▶ **Stored data**:
______________________________

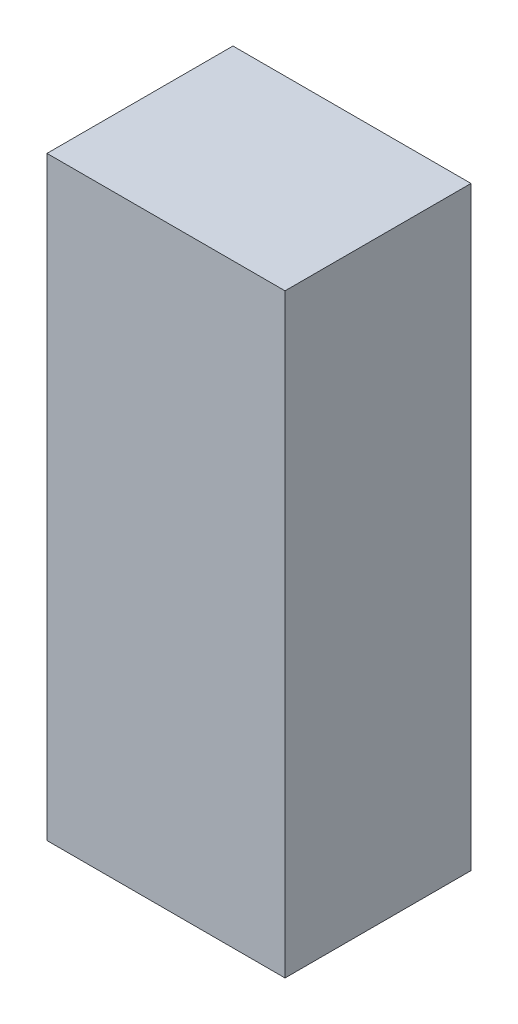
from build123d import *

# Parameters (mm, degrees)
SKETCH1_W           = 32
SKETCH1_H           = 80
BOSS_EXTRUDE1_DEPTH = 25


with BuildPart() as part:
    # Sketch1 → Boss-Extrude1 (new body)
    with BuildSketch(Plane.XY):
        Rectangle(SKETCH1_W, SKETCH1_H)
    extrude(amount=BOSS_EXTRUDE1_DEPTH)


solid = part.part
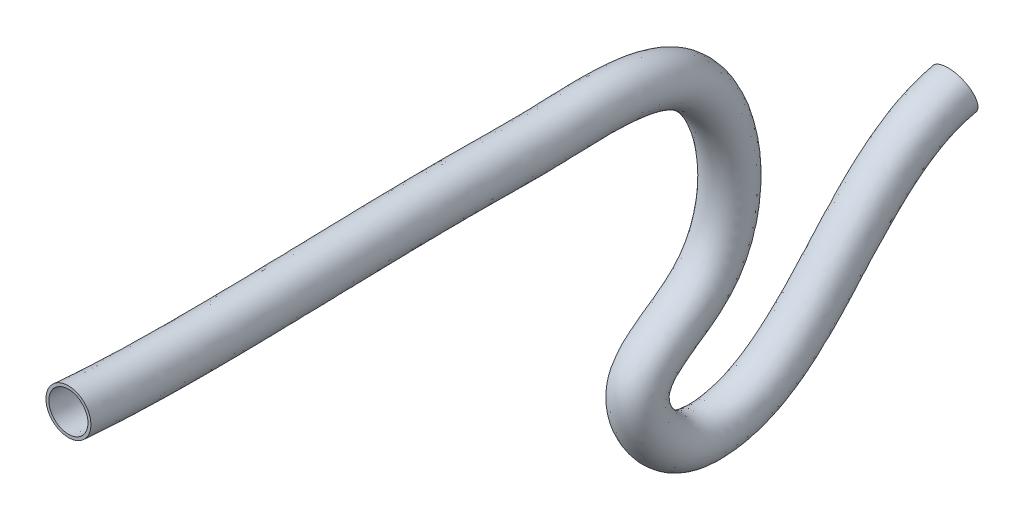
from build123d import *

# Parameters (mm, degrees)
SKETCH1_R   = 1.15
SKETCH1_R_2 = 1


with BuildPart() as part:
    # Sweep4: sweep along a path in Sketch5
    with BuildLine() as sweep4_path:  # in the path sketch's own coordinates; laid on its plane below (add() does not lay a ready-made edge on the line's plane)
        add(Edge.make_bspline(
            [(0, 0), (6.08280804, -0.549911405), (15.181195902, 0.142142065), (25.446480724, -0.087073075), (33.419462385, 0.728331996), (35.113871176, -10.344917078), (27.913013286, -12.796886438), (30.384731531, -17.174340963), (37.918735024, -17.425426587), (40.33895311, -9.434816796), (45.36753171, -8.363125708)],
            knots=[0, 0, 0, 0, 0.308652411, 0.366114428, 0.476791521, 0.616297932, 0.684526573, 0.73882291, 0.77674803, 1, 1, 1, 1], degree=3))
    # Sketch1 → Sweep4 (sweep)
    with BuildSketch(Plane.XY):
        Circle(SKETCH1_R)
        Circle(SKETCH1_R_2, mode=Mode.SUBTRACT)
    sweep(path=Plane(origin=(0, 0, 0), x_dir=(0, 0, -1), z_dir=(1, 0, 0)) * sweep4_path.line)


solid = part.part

______________________________

▶ **Problem details**:
Which lines above contain the word "Circle"? Copy all of them.

▶ **Task result**:
        Circle(SKETCH1_R)
        Circle(SKETCH1_R_2, mode=Mode.SUBTRACT)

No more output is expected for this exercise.